Below are entries. Pull out all lines containing "units".

Input data>
------------------------------------------------------------------------

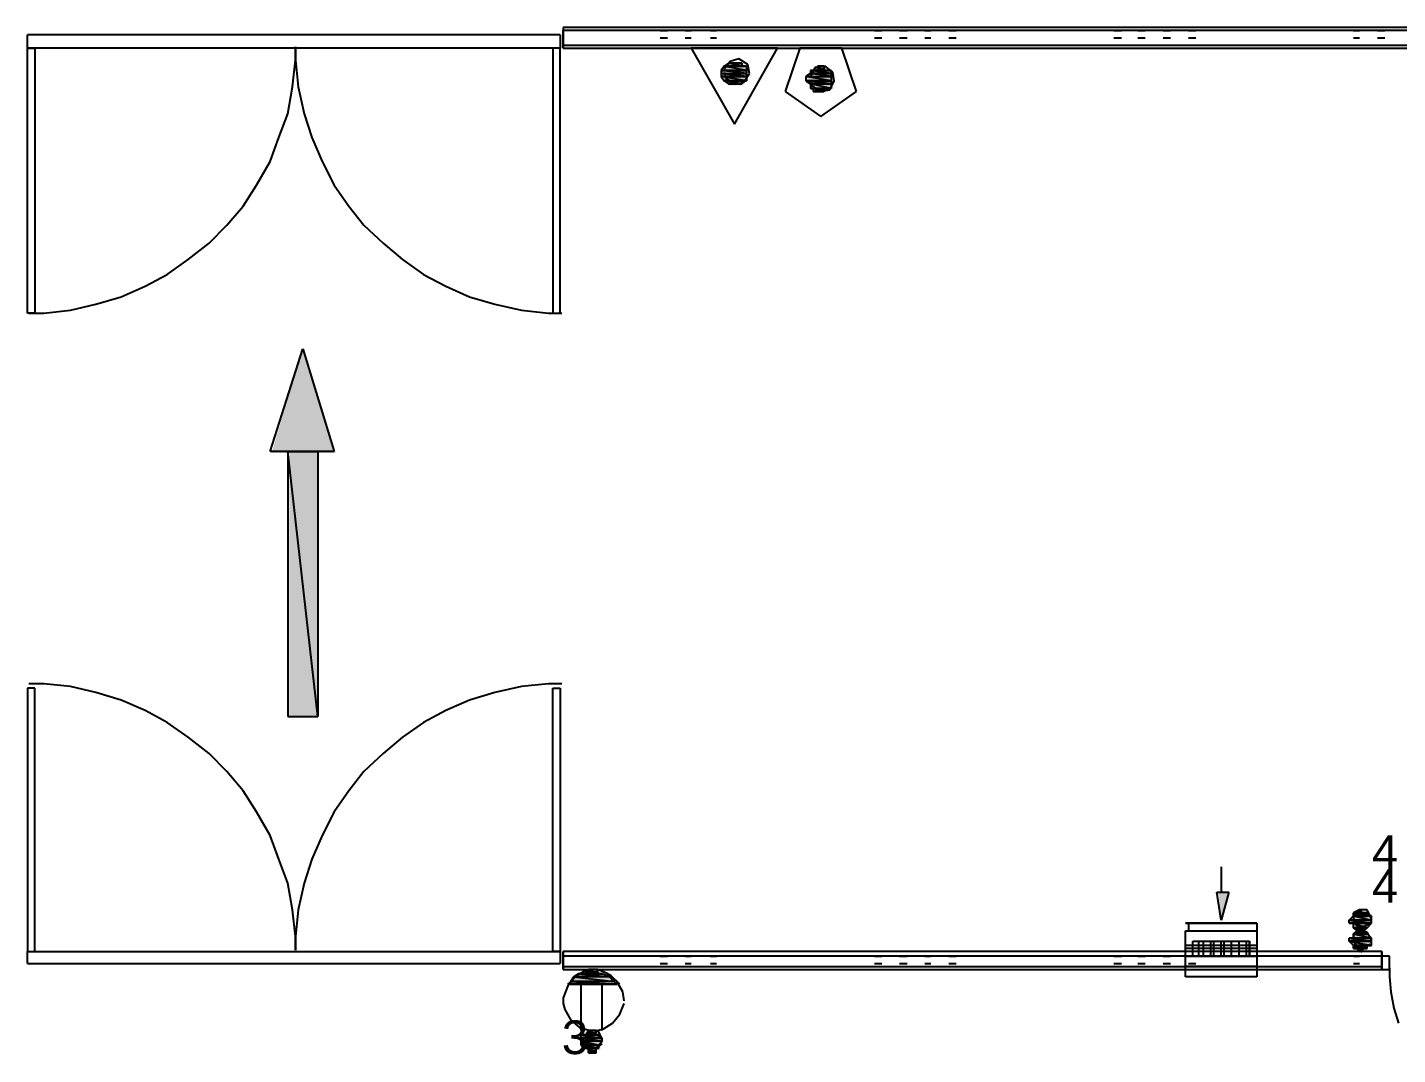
# Model space of a CAD drawing. Header units: millimetres. Extents: x 5 to 415, y 48 to 251.
# Drawn here: x 58.37 to 74.6, y 105.6 to 117.78 of the extents above; entities that cross this region are included whole.
import ezdxf

# ---------------------------------------------------------------- set-up
doc = ezdxf.new("R2010")
doc.units = ezdxf.units.MM
for name, color, linetype in [('H', 7, 'Continuous'), ('P', 7, 'Continuous'), ('T', 7, 'Continuous')]:
    doc.layers.add(name, color=color, linetype=linetype)

msp = doc.modelspace()

# ---------------------------------------------------------------- hatches: boundary and pattern name
at = {"layer": 'H', "linetype": 'Continuous'}
for points in [[(66.587, 117.263), (66.64, 117.299), (66.887, 117.299), (66.887, 117.263), (66.587, 117.263)], [(66.587, 117.228), (66.587, 117.263), (66.887, 117.263), (66.887, 117.228), (66.587, 117.228)], [(66.64, 117.299), (66.675, 117.352), (66.851, 117.352), (66.851, 117.299), (66.64, 117.299)], [(67.645, 117.228), (67.645, 117.263), (67.91, 117.263), (67.91, 117.228), (67.645, 117.228)], [(67.698, 117.263), (67.733, 117.299), (67.822, 117.299), (67.822, 117.263), (67.698, 117.263)], [(66.587, 117.175), (66.587, 117.228), (66.887, 117.228), (66.887, 117.175), (66.587, 117.175)], [(66.64, 117.14), (66.587, 117.175), (66.887, 117.175), (66.887, 117.14), (66.64, 117.14)], [(66.675, 117.087), (66.64, 117.14), (66.851, 117.14), (66.851, 117.087), (66.675, 117.087)], [(67.61, 117.175), (67.645, 117.228), (67.91, 117.228), (67.91, 117.175), (67.61, 117.175)], [(67.61, 117.14), (67.61, 117.175), (67.91, 117.175), (67.91, 117.14), (67.61, 117.14)], [(67.645, 117.087), (67.61, 117.14), (67.91, 117.14), (67.91, 117.087), (67.645, 117.087)], [(67.645, 117.052), (67.645, 117.087), (67.91, 117.087), (67.91, 117.052), (67.645, 117.052)], [(67.698, 117.016), (67.698, 117.052), (67.857, 117.052), (67.822, 117.016), (67.698, 117.016)], [(61.26, 112.73), (61.63, 113.965), (62.018, 112.73), (61.26, 112.73)], [(61.472, 109.608), (61.472, 112.73), (61.807, 112.73), (61.807, 109.608), (61.472, 109.608)], [(72.513, 107.192), (72.478, 107.527), (72.602, 107.527), (72.513, 107.192)], [(74.048, 107.192), (74.083, 107.227), (74.295, 107.227), (74.295, 107.192), (74.048, 107.192)], [(74.048, 107.156), (74.048, 107.192), (74.295, 107.192), (74.295, 107.156), (74.048, 107.156)], [(74.083, 107.227), (74.083, 107.28), (74.242, 107.28), (74.242, 107.227), (74.083, 107.227)], [(74.119, 107.28), (74.172, 107.315), (74.207, 107.28), (74.119, 107.28)], [(74.083, 107.103), (74.083, 107.156), (74.295, 107.156), (74.242, 107.103), (74.083, 107.103)], [(74.119, 107.068), (74.083, 107.103), (74.242, 107.103), (74.207, 107.068), (74.119, 107.068)], [(74.083, 107.015), (74.119, 107.068), (74.207, 107.068), (74.242, 107.015), (74.083, 107.015)], [(74.083, 106.98), (74.083, 107.015), (74.242, 107.015), (74.295, 106.98), (74.083, 106.98)], [(74.048, 106.927), (74.048, 106.98), (74.295, 106.98), (74.295, 106.927), (74.048, 106.927)], [(74.083, 106.892), (74.048, 106.927), (74.295, 106.927), (74.295, 106.892), (74.083, 106.892)], [(74.083, 106.856), (74.083, 106.892), (74.242, 106.892), (74.242, 106.856), (74.083, 106.856)], [(74.172, 106.803), (74.119, 106.856), (74.207, 106.856), (74.172, 106.803)], [(64.858, 106.504), (64.893, 106.557), (65.193, 106.557), (65.282, 106.504), (64.858, 106.504)], [(64.982, 106.557), (65.017, 106.592), (65.105, 106.592), (65.158, 106.557), (64.982, 106.557)], [(64.77, 106.433), (64.805, 106.468), (65.317, 106.468), (65.37, 106.433), (64.77, 106.433)], [(64.805, 106.468), (64.858, 106.504), (65.282, 106.504), (65.317, 106.468), (64.805, 106.468)], [(64.982, 105.833), (65.017, 105.869), (65.105, 105.869), (65.105, 105.833), (64.982, 105.833)], [(64.946, 105.798), (64.946, 105.833), (65.158, 105.833), (65.158, 105.798), (64.946, 105.798)], [(64.946, 105.745), (64.946, 105.798), (65.193, 105.798), (65.193, 105.745), (64.946, 105.745)], [(64.946, 105.71), (64.946, 105.745), (65.193, 105.745), (65.158, 105.71), (64.946, 105.71)], [(64.982, 105.657), (64.946, 105.71), (65.158, 105.71), (65.158, 105.657), (64.982, 105.657)], [(65.017, 105.622), (65.017, 105.657), (65.105, 105.657), (65.105, 105.622), (65.017, 105.622)]]:
    msp.add_hatch(color=256, dxfattribs=at).paths.add_polyline_path(points)

# ---------------------------------------------------------------- linework, layer by layer
at = {"layer": 'P'}
for points in [[(167.164, 117.775), (64.717, 117.775)], [(64.717, 117.775), (64.717, 117.528)], [(131.392, 117.74), (64.717, 117.74)], [(131.392, 117.74), (64.717, 117.74)], [(64.717, 117.563), (64.717, 117.74)], [(64.717, 117.563), (64.717, 117.74)], [(65.864, 117.74), (65.952, 117.74)], [(66.163, 117.74), (66.234, 117.74)], [(66.463, 117.74), (66.534, 117.74)], [(68.404, 117.74), (68.492, 117.74)], [(68.703, 117.74), (68.792, 117.74)], [(69.003, 117.74), (69.074, 117.74)], [(69.286, 117.74), (69.374, 117.74)], [(71.243, 117.74), (71.332, 117.74)], [(71.526, 117.74), (71.614, 117.74)], [(71.826, 117.74), (71.914, 117.74)], [(72.125, 117.74), (72.214, 117.74)], [(74.083, 117.74), (74.154, 117.74)], [(74.366, 117.74), (74.454, 117.74)], [(64.682, 117.687), (58.367, 117.687)], [(58.367, 117.528), (58.367, 117.687)], [(64.682, 117.687), (64.682, 117.528)], [(64.717, 117.528), (64.717, 117.687)], [(64.717, 117.563), (131.233, 117.563)], [(64.717, 117.563), (131.233, 117.563)], [(65.864, 117.651), (65.952, 117.651)], [(65.864, 117.563), (65.952, 117.563)], [(66.163, 117.651), (66.234, 117.651)], [(66.163, 117.563), (66.234, 117.563)], [(66.463, 117.651), (66.534, 117.651)], [(66.463, 117.563), (66.534, 117.563)], [(68.404, 117.651), (68.492, 117.651)], [(68.404, 117.563), (68.492, 117.563)], [(68.703, 117.651), (68.792, 117.651)], [(68.703, 117.563), (68.792, 117.563)], [(69.003, 117.651), (69.074, 117.651)], [(69.003, 117.563), (69.074, 117.563)], [(69.286, 117.651), (69.374, 117.651)], [(69.286, 117.563), (69.374, 117.563)], [(71.243, 117.651), (71.332, 117.651)], [(71.243, 117.563), (71.332, 117.563)], [(71.526, 117.651), (71.614, 117.651)], [(71.526, 117.563), (71.614, 117.563)], [(71.826, 117.651), (71.914, 117.651)], [(71.826, 117.563), (71.914, 117.563)], [(72.125, 117.651), (72.214, 117.651)], [(72.125, 117.563), (72.214, 117.563)], [(74.083, 117.651), (74.154, 117.651)], [(74.083, 117.563), (74.154, 117.563)], [(74.366, 117.651), (74.454, 117.651)], [(74.366, 117.563), (74.454, 117.563)], [(64.682, 117.528), (58.367, 117.528)], [(58.367, 114.388), (58.367, 117.528)], [(58.367, 117.528), (58.455, 117.528)], [(58.455, 117.528), (58.455, 114.388)], [(61.542, 117.387), (61.542, 117.546)], [(61.542, 117.546), (61.542, 117.387)], [(64.682, 117.528), (64.594, 117.528)], [(64.594, 117.528), (64.594, 114.388)], [(64.594, 117.528), (64.594, 114.388)], [(64.682, 117.528), (64.594, 117.528)], [(64.682, 114.388), (64.682, 117.528)], [(64.682, 114.388), (64.682, 117.528)], [(64.717, 117.528), (131.18, 117.528)], [(67.257, 117.528), (66.234, 117.528)], [(66.234, 117.528), (66.746, 116.628)], [(66.798, 117.404), (66.693, 117.369)], [(66.746, 116.628), (67.257, 117.528)], [(66.904, 117.334), (66.798, 117.404)], [(67.522, 117.528), (67.345, 117.016)], [(68.016, 117.528), (67.522, 117.528)], [(68.192, 117.016), (68.016, 117.528)], [(61.507, 117.069), (61.542, 117.387)], [(61.542, 117.387), (61.577, 117.069)], [(66.622, 117.316), (66.587, 117.263)], [(66.887, 117.228), (66.587, 117.263)], [(66.587, 117.263), (66.587, 117.228)], [(66.887, 117.228), (66.587, 117.263)], [(66.587, 117.263), (66.887, 117.263)], [(66.587, 117.263), (66.887, 117.263)], [(66.887, 117.263), (66.587, 117.263)], [(66.587, 117.263), (66.587, 117.263)], [(66.887, 117.263), (66.587, 117.263)], [(66.587, 117.263), (66.587, 117.263)], [(66.587, 117.263), (66.887, 117.263)], [(66.587, 117.263), (66.887, 117.263)], [(66.693, 117.369), (66.622, 117.281)], [(66.675, 117.352), (66.622, 117.316)], [(66.887, 117.263), (66.622, 117.316)], [(66.887, 117.263), (66.622, 117.316)], [(66.622, 117.316), (66.887, 117.316)], [(66.622, 117.316), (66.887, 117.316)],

------------------------------------------------------------------------

Task output>
# Model space of a CAD drawing. Header units: millimetres. Extents: x 5 to 415, y 48 to 251.
doc.units = ezdxf.units.MM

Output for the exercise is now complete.